▶ **Given records**

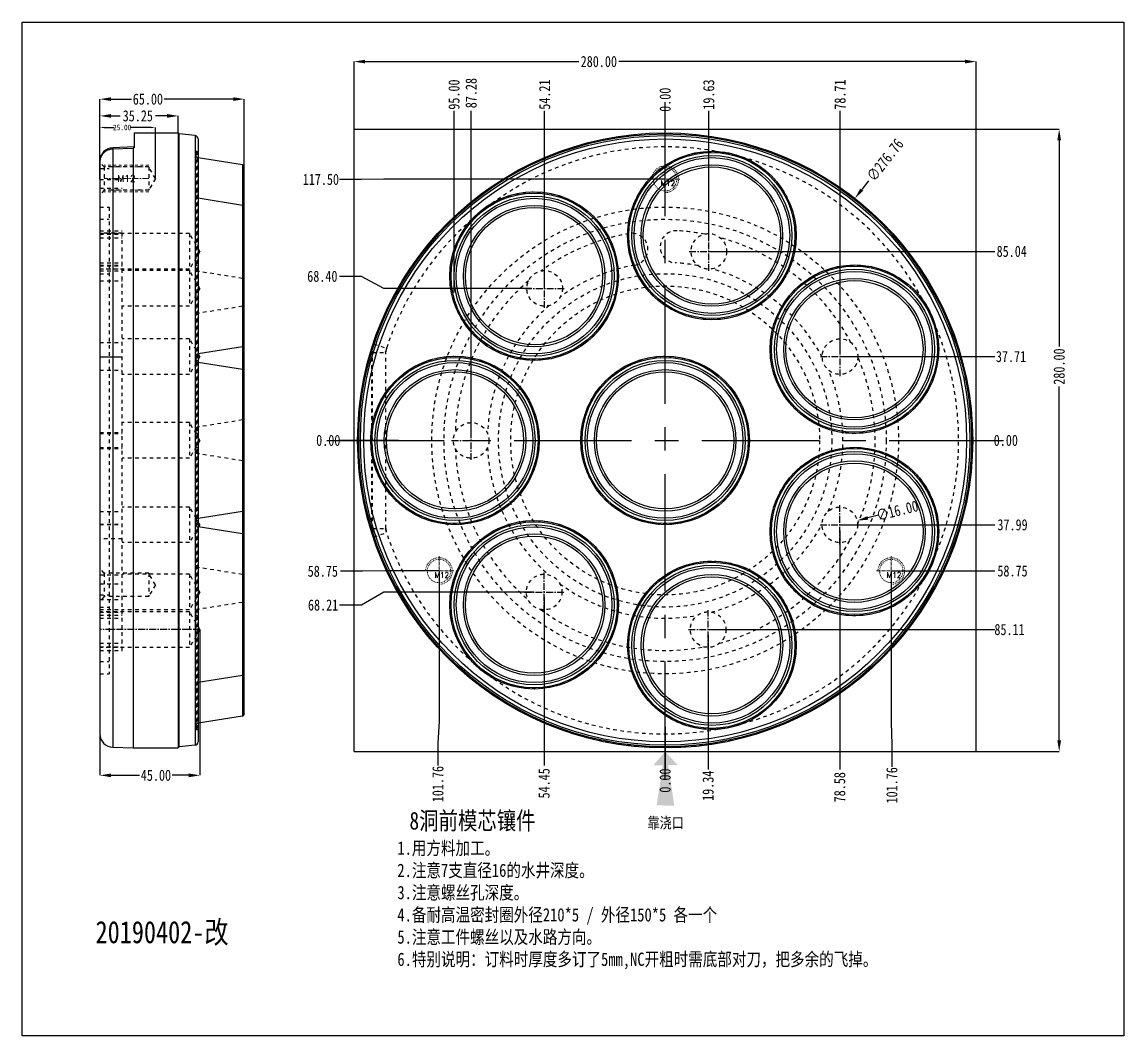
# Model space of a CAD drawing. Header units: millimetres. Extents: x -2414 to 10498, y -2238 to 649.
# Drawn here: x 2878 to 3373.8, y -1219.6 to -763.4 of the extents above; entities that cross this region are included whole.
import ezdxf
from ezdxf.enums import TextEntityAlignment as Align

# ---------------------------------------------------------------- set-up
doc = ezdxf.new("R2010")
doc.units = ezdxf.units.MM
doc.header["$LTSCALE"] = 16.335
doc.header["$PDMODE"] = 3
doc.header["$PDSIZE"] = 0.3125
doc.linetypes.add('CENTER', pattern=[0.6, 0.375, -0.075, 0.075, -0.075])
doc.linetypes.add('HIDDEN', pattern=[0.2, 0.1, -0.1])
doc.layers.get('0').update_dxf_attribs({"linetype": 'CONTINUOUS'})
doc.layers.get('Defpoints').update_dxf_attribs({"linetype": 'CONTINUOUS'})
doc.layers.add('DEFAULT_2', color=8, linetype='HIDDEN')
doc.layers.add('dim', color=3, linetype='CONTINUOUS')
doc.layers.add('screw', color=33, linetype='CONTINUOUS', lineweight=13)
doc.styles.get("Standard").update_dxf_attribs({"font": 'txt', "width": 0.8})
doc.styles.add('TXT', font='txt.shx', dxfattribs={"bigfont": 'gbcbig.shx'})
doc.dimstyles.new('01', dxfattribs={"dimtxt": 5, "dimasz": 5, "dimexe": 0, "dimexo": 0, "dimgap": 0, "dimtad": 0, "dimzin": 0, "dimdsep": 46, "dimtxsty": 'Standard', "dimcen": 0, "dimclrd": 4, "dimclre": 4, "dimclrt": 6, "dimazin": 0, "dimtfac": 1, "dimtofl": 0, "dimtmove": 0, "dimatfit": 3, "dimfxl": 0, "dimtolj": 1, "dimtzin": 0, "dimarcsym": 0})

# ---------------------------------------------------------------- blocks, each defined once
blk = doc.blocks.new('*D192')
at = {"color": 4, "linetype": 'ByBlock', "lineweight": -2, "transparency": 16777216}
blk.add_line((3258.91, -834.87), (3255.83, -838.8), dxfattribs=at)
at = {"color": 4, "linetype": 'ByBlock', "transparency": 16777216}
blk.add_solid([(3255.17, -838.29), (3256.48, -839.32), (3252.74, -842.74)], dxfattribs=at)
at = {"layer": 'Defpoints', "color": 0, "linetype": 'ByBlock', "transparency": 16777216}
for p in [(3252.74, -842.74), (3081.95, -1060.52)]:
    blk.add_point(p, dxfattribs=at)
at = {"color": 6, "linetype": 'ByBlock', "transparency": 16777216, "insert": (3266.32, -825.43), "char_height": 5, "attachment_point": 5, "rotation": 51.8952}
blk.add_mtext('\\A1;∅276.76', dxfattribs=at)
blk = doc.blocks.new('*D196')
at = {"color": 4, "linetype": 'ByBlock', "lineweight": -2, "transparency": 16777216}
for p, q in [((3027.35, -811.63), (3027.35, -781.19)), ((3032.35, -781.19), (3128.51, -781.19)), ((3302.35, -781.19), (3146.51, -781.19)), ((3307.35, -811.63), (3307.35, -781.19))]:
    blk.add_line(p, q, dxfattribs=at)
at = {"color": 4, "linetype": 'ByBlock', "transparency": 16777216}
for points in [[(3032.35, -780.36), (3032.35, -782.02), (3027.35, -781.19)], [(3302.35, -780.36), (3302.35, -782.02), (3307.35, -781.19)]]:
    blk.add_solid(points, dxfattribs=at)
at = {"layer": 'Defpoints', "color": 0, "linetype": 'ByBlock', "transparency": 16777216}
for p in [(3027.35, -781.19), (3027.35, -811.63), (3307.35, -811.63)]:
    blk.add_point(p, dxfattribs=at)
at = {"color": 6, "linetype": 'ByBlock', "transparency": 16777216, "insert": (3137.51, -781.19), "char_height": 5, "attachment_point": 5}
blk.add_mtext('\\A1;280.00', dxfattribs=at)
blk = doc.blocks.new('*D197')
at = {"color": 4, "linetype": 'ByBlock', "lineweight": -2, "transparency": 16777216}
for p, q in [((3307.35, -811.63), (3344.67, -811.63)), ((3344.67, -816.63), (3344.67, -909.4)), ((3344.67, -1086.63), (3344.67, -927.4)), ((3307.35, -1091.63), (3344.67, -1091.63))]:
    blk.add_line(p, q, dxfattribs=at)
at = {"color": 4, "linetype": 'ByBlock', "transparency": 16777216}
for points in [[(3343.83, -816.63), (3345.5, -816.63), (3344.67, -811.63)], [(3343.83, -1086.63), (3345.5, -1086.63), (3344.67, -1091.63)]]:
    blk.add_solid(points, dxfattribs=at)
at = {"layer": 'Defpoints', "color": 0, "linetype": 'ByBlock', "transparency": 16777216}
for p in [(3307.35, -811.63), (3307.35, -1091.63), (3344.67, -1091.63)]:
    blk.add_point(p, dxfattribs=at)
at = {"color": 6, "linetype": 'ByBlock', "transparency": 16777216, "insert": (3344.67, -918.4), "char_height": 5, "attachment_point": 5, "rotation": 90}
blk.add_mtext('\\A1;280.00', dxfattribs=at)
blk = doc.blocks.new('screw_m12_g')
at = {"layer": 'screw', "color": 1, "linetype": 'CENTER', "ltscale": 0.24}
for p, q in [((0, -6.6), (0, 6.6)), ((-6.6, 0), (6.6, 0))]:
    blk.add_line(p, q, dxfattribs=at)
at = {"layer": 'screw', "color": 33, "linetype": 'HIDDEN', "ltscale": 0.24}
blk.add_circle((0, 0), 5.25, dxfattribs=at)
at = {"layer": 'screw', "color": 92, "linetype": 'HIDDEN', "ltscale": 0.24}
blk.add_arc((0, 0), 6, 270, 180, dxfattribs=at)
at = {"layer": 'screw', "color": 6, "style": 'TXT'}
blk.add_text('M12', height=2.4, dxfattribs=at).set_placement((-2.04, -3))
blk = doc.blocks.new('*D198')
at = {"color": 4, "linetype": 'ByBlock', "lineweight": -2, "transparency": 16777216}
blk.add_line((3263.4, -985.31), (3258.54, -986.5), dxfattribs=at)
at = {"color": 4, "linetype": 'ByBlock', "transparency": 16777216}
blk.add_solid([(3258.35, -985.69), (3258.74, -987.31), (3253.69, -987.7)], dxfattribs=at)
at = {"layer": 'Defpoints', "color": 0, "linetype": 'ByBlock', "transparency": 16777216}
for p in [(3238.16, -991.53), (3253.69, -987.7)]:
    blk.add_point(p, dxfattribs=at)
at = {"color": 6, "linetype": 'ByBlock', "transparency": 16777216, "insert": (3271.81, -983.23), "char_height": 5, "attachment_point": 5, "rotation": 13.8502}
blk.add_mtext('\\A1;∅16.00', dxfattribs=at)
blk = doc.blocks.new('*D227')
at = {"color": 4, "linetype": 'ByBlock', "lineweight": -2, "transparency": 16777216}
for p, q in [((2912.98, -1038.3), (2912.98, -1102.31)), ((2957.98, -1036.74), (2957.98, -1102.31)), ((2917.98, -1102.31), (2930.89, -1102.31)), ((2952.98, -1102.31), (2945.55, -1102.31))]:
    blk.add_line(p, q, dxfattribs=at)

▶ **Activity**
In the reply, give again exactly the lines from the beginning of the entries above through the line with "doc.linetypes.add('HIDDEN', pattern=[0.2, 0.1, -0.1])"; pictures stay out.

▶ **Answer box**
# Model space of a CAD drawing. Header units: millimetres. Extents: x -2414 to 10498, y -2238 to 649.
# Drawn here: x 2878 to 3373.8, y -1219.6 to -763.4 of the extents above; entities that cross this region are included whole.
import ezdxf
from ezdxf.enums import TextEntityAlignment as Align

# ---------------------------------------------------------------- set-up
doc = ezdxf.new("R2010")
doc.units = ezdxf.units.MM
doc.header["$LTSCALE"] = 16.335
doc.header["$PDMODE"] = 3
doc.header["$PDSIZE"] = 0.3125
doc.linetypes.add('CENTER', pattern=[0.6, 0.375, -0.075, 0.075, -0.075])
doc.linetypes.add('HIDDEN', pattern=[0.2, 0.1, -0.1])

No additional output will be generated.